Assignment
Your answer should consist of the lines in the data below that contain "Selector".

[Extracted data entries]
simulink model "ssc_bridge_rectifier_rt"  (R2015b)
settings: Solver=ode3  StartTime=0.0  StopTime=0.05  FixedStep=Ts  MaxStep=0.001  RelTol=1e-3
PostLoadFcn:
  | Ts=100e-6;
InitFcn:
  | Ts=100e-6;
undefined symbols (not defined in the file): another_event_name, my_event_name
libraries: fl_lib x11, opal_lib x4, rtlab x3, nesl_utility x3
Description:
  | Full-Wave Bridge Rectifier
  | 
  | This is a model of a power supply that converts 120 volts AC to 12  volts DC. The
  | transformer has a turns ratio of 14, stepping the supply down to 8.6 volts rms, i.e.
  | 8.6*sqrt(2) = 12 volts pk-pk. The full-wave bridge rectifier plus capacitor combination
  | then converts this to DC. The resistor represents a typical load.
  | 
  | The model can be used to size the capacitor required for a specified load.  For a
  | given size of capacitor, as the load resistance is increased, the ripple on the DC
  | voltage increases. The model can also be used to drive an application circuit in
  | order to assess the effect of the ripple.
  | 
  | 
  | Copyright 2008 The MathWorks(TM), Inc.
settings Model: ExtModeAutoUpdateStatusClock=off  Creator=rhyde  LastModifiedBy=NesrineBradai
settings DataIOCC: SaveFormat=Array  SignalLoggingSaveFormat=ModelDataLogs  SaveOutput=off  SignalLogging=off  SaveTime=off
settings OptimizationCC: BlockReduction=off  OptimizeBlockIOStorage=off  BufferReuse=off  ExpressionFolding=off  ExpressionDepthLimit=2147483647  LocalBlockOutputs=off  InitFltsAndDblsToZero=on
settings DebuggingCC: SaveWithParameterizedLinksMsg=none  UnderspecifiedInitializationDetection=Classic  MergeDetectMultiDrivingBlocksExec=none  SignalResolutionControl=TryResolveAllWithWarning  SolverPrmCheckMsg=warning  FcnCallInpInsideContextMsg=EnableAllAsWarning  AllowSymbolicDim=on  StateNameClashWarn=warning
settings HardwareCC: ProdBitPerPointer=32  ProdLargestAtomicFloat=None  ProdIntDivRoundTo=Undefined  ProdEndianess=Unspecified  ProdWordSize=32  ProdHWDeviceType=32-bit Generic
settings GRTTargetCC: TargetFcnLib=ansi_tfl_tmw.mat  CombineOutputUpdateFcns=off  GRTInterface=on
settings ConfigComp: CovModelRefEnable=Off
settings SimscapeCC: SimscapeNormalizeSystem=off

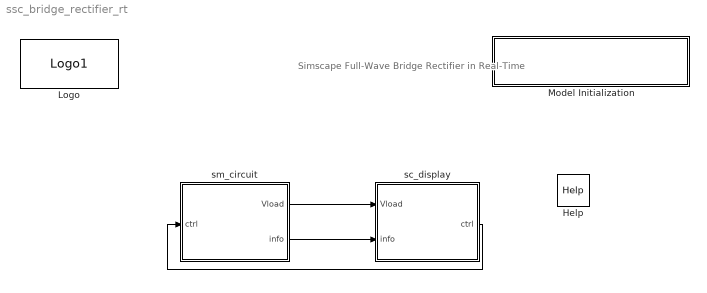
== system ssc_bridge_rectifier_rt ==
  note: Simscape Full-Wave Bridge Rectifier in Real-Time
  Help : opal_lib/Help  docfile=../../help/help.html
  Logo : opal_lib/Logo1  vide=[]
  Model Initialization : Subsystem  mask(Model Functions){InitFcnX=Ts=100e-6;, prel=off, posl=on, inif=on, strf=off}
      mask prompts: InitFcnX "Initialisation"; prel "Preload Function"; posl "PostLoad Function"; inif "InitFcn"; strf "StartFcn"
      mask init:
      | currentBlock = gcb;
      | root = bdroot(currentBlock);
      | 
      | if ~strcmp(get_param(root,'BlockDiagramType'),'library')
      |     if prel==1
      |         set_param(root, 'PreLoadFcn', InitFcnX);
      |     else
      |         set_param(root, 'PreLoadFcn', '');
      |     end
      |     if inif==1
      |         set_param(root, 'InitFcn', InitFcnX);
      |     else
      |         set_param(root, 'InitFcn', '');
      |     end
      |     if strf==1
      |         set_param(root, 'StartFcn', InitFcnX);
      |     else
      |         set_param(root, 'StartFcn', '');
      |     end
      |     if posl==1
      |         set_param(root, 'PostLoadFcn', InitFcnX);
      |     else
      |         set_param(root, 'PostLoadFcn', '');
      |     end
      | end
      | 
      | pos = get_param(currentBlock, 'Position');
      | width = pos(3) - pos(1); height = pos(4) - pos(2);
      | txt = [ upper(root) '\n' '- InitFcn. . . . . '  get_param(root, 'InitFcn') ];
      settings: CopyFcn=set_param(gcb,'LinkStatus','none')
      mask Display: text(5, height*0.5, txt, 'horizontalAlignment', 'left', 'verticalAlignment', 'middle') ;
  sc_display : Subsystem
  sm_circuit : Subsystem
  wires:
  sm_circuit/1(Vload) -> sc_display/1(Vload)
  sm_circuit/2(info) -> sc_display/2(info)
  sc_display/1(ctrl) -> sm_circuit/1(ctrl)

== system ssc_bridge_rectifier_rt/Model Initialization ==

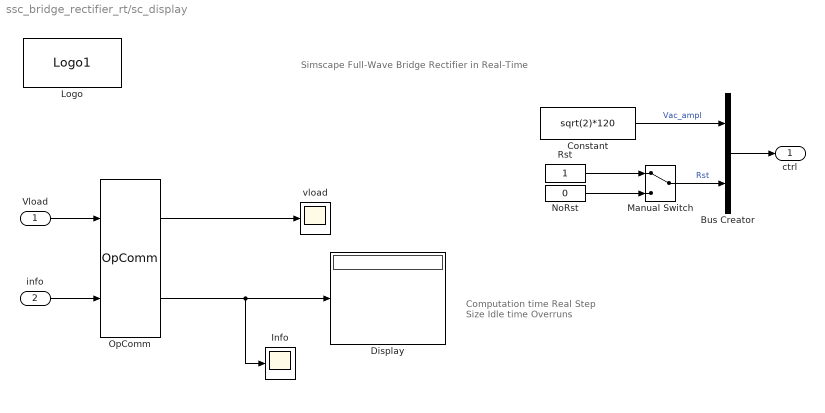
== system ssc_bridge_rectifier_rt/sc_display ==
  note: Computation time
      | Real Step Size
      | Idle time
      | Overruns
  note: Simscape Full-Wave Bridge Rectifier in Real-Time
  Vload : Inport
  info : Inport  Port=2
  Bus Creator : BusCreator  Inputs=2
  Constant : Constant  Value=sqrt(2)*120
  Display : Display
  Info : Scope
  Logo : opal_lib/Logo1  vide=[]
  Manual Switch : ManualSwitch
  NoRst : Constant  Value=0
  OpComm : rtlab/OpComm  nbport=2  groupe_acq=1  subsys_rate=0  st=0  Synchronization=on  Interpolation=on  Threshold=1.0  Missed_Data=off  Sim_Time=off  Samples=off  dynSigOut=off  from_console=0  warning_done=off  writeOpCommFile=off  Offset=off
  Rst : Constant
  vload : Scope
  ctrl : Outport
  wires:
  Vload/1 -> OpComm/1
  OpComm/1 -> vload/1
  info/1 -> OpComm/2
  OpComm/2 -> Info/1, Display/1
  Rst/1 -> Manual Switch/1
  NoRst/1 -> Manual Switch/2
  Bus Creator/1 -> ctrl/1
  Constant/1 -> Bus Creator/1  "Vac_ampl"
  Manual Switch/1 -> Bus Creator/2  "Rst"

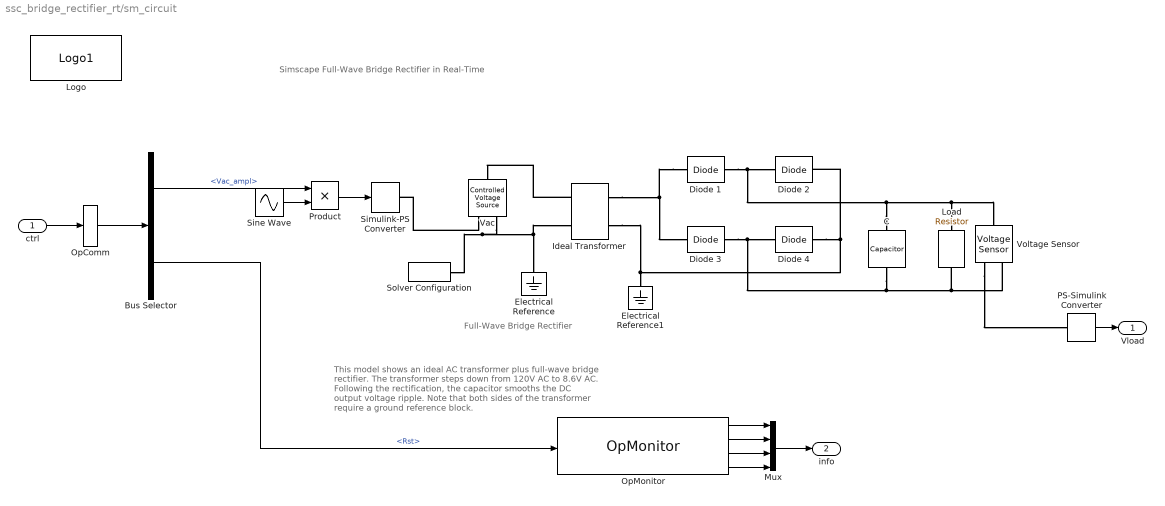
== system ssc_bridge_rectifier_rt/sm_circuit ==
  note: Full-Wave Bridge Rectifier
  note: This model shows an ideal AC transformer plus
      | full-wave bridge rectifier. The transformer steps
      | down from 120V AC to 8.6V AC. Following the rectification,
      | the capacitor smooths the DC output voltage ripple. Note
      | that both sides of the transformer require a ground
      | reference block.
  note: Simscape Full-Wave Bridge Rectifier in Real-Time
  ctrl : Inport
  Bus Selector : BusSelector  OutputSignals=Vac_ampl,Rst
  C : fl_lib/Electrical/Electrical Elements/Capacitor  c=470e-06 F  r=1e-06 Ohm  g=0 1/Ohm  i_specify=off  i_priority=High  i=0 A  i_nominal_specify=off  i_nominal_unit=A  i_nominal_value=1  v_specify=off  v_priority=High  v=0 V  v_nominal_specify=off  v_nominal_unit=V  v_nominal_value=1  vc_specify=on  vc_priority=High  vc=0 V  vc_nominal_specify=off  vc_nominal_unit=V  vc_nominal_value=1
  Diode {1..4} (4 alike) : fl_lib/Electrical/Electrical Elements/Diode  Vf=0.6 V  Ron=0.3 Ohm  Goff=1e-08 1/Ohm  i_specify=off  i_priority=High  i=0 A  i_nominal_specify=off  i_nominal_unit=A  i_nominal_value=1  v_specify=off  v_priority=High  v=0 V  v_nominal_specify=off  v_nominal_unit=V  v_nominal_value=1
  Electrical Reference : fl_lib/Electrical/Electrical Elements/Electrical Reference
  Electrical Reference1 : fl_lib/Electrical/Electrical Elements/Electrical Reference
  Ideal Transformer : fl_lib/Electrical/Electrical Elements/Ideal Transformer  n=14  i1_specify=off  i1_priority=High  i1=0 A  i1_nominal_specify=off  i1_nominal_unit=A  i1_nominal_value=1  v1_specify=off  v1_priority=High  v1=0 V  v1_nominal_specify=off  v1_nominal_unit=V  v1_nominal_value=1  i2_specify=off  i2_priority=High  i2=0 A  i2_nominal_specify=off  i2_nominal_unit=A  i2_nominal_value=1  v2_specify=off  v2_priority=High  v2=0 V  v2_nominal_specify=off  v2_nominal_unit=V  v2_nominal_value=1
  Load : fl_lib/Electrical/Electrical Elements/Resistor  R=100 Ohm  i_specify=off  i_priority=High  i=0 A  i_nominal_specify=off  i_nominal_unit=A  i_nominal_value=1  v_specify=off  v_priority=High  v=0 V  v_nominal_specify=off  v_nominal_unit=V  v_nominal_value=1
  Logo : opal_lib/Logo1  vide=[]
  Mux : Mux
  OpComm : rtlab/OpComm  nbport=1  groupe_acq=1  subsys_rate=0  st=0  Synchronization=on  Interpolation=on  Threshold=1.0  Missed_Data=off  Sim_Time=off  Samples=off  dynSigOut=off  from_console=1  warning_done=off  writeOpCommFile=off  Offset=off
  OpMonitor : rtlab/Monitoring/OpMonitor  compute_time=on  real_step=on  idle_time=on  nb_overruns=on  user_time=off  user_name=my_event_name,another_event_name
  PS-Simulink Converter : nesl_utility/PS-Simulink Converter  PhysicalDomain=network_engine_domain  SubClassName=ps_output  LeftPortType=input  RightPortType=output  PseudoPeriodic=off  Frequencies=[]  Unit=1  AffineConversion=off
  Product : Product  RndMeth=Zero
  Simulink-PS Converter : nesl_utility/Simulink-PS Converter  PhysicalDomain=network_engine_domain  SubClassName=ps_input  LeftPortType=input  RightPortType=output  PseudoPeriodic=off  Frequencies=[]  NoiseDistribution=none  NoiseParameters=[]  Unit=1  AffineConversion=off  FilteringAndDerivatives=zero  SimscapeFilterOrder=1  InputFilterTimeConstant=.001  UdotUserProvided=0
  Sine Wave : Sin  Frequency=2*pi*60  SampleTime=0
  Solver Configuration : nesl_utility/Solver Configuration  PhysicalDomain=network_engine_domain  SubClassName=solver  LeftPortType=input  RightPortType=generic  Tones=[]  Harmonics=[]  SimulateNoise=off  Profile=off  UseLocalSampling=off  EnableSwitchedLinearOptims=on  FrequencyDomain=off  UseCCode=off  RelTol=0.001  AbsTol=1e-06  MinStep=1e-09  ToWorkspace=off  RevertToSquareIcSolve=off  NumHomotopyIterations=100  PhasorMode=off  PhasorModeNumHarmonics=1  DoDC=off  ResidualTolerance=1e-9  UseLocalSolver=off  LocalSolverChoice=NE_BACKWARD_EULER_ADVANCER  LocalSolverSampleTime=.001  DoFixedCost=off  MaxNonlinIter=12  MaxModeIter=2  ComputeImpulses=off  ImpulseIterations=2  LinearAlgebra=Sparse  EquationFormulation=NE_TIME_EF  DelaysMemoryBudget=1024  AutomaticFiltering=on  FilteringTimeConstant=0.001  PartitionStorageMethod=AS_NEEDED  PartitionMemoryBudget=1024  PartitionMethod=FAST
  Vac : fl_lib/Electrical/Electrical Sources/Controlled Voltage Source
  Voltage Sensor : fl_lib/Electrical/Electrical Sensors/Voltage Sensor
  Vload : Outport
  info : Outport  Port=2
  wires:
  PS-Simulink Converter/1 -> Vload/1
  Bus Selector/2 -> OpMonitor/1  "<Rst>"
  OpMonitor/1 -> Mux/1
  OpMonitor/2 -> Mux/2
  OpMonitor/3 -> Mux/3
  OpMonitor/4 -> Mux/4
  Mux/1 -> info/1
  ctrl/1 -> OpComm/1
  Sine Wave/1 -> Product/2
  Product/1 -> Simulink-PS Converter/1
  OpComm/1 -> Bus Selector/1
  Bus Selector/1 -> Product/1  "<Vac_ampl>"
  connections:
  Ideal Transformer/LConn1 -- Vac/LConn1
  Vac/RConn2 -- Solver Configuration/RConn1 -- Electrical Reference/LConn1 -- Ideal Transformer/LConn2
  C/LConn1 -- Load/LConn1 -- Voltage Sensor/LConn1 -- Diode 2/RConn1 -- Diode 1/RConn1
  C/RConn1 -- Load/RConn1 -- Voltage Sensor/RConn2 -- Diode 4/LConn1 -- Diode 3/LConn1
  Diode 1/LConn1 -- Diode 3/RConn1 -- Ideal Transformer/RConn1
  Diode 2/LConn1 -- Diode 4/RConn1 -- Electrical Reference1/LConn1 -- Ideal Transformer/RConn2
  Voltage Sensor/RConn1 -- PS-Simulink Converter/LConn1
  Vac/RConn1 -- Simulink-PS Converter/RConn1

Answer box
  Bus Selector : BusSelector  OutputSignals=Vac_ampl,Rst
  Bus Selector/2 -> OpMonitor/1  "<Rst>"
  OpComm/1 -> Bus Selector/1
  Bus Selector/1 -> Product/1  "<Vac_ampl>"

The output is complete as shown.